3 responses

  1. Jeromy Anglim
    May 3, 2011

    I like the point about reproducible research. It would be good if more meta-analyses included the complete database of studies and accompanying effect sizes, sample sizes, and study properties in a form ready for re-analysis. It would be even better if the meta-analytic analyses were embodied in some reproducible statistical document.

  2. Jeromy Anglim
    May 3, 2011

    I like the point about reproducible research. It would be good if more meta-analyses included the complete database of studies and accompanying effect sizes, sample sizes, and study properties in a form ready for re-analysis. It would be even better if the meta-analyses were produced using some form of reproducible statistical document like Sweave.

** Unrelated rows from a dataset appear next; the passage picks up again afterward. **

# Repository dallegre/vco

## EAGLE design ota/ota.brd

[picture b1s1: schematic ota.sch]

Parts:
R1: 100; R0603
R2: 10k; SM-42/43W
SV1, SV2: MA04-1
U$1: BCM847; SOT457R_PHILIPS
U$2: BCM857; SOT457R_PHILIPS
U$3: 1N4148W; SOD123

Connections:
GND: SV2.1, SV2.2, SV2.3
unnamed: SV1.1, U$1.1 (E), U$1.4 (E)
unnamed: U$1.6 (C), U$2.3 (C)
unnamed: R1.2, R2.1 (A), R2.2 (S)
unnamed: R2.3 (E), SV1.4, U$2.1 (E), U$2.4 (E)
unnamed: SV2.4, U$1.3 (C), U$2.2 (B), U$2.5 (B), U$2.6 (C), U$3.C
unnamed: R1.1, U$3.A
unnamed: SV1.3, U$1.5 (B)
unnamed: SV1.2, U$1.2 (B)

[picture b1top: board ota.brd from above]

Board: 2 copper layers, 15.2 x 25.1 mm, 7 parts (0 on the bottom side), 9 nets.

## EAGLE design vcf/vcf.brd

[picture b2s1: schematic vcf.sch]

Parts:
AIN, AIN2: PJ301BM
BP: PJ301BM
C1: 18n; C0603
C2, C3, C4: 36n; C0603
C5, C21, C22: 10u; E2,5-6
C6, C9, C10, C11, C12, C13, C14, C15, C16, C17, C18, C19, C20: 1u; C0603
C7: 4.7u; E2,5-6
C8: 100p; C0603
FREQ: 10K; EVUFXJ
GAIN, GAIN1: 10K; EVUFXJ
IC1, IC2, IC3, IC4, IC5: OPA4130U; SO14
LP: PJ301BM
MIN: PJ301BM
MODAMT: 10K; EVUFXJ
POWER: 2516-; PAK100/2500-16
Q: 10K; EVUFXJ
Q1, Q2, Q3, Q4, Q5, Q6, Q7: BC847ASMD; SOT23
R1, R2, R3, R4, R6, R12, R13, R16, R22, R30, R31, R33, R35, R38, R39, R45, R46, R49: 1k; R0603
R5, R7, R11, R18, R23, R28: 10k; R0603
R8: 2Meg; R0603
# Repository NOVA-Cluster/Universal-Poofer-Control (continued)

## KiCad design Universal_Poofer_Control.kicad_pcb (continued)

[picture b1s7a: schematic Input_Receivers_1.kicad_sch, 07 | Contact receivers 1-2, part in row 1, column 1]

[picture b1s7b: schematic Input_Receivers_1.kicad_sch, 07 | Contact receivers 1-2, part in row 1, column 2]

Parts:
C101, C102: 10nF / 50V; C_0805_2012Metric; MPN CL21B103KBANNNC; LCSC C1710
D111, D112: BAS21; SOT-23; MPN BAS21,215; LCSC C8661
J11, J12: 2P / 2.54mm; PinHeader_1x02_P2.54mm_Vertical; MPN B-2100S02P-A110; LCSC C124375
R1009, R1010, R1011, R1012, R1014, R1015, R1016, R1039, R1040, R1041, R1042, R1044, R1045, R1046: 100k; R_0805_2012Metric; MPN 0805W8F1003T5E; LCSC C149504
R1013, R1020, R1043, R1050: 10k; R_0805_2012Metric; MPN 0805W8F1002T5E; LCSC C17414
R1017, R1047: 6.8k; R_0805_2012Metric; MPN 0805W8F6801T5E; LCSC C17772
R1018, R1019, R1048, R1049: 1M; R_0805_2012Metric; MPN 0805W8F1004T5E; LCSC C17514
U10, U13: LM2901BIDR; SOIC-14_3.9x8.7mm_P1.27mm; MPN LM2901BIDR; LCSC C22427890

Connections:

    Meta-analyses could be seen as an ongoing collective endeavour, where alterations to methodology could be easily examined by future researchers.

  3. Richard N. Landers
    May 12, 2011

    While that would be fantastic, I think the biggest roadblock is that the current academic atmosphere does not support such a thing. Releasing data from a meta-analysis is akin to sharing data – and even if that data has been sliced and diced, there’s always a voice in the back of your head that says “maybe there’s another publication in that data.” Given the current reward system in academic, I don’t see this happening any time soon (even if it would be great move for science).